(Dataset entries)
====
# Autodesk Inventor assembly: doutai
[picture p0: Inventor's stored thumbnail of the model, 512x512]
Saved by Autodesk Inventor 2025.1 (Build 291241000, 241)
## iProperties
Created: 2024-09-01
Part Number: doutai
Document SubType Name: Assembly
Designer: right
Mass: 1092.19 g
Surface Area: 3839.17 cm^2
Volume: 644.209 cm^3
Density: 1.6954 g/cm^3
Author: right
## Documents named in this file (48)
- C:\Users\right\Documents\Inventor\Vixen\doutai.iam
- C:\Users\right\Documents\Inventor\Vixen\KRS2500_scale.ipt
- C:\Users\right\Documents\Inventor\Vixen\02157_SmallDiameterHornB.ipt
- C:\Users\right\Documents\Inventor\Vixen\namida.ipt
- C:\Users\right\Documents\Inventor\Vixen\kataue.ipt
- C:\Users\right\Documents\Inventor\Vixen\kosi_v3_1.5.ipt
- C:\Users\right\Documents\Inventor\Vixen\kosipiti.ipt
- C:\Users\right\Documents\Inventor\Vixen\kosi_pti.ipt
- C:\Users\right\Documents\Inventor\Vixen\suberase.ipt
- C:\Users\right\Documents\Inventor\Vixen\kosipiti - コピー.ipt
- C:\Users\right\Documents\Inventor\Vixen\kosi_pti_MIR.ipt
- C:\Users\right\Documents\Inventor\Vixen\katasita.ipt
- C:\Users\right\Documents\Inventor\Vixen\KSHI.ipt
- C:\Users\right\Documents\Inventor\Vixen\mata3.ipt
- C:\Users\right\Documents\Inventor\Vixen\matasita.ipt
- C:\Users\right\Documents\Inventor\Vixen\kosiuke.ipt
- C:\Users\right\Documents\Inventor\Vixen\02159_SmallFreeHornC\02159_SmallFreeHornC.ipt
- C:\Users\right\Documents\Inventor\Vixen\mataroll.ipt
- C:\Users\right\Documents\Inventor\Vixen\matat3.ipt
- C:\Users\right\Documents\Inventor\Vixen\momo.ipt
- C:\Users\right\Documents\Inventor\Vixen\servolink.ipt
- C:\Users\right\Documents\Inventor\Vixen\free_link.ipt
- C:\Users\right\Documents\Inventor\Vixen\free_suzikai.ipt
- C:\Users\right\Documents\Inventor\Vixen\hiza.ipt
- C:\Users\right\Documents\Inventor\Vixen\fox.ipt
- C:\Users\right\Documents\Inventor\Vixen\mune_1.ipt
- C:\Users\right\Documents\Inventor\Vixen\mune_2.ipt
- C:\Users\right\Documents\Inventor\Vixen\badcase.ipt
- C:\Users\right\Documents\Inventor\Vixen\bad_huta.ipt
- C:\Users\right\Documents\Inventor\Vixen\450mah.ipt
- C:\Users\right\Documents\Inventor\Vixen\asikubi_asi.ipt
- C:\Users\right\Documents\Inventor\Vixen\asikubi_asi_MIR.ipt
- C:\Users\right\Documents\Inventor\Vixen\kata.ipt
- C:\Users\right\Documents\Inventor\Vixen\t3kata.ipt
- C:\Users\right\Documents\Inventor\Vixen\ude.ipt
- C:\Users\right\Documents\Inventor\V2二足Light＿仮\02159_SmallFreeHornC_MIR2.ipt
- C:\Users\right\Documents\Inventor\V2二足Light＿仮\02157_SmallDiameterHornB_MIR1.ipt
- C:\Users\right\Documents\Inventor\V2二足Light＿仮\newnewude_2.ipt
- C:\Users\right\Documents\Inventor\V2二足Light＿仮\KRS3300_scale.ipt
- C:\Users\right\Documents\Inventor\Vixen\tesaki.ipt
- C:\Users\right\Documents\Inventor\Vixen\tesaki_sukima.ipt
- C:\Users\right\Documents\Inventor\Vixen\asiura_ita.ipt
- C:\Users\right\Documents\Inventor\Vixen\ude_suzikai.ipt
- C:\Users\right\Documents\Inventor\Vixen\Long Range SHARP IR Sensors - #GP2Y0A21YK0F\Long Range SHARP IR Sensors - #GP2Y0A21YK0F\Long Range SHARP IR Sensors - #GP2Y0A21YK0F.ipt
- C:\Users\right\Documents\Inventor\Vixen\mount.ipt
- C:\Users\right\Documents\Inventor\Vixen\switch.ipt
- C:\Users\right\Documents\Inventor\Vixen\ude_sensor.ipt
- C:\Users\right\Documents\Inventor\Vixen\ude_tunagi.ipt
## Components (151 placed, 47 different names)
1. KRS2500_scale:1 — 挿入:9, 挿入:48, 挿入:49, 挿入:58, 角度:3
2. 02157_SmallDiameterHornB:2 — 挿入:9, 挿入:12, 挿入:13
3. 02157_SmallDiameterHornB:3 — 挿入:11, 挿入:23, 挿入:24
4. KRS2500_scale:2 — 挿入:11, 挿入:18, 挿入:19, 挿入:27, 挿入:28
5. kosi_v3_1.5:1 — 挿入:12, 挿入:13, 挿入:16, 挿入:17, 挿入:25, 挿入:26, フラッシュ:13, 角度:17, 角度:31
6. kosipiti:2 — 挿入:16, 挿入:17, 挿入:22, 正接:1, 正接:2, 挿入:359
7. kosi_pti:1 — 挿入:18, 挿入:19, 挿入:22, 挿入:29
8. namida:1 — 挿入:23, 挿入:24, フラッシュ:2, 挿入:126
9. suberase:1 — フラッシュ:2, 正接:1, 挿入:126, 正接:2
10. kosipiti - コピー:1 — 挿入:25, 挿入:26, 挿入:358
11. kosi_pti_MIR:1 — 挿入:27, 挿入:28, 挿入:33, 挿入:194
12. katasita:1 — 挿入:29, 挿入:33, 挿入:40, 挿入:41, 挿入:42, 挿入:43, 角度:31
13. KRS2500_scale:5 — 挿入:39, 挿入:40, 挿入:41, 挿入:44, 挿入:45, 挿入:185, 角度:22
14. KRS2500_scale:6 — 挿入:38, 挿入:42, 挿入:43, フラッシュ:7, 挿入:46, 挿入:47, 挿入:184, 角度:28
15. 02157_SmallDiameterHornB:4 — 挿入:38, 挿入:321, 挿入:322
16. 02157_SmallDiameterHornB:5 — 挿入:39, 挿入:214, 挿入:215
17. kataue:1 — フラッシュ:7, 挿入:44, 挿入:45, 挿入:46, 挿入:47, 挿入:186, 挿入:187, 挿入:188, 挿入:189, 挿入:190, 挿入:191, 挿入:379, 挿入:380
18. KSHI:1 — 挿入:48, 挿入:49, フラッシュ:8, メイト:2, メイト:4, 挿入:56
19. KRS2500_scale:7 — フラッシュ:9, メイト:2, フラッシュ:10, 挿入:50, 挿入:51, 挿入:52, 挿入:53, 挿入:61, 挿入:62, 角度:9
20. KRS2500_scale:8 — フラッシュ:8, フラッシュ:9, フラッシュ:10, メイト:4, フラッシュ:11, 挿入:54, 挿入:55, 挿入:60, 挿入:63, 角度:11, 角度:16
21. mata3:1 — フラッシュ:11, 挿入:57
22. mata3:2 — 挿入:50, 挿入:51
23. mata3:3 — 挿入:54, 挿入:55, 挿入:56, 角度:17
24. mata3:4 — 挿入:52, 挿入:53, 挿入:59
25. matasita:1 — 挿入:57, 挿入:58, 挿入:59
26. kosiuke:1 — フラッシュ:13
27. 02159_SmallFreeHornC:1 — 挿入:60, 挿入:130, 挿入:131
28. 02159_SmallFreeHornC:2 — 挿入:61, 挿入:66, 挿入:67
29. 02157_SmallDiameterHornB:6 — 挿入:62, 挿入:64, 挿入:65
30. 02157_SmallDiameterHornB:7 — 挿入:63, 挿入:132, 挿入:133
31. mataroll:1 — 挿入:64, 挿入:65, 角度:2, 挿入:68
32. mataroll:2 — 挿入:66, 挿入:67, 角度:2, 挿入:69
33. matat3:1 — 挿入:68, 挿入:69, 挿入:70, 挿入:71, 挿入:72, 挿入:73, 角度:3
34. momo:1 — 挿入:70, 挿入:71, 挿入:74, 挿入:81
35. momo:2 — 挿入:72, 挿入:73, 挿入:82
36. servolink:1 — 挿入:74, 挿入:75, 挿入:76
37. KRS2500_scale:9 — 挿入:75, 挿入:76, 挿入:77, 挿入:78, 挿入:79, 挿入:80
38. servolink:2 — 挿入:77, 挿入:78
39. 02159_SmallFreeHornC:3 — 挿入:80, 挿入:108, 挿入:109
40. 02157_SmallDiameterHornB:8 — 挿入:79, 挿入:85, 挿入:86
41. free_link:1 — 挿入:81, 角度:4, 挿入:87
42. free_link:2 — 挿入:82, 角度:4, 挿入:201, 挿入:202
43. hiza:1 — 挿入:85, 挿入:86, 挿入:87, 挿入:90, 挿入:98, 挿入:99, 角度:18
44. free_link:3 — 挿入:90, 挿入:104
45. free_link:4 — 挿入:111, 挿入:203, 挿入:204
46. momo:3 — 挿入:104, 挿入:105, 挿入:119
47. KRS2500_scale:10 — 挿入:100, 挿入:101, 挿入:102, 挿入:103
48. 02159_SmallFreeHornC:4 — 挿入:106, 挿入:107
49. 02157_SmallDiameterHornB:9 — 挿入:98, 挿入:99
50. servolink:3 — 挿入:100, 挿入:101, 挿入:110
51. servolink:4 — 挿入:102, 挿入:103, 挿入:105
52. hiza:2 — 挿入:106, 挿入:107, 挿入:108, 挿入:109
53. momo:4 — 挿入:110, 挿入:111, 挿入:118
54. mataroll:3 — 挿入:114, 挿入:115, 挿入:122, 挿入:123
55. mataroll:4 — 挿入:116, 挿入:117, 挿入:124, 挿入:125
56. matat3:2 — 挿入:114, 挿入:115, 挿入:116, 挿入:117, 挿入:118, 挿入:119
====
» **EXERCISE REQUIREMENTS**: Report each line in the preceding entries that holds the string "kosiuke".

» **OUTPUT FOR THIS EXERCISE**:
- C:\Users\right\Documents\Inventor\Vixen\kosiuke.ipt
26. kosiuke:1 — フラッシュ:13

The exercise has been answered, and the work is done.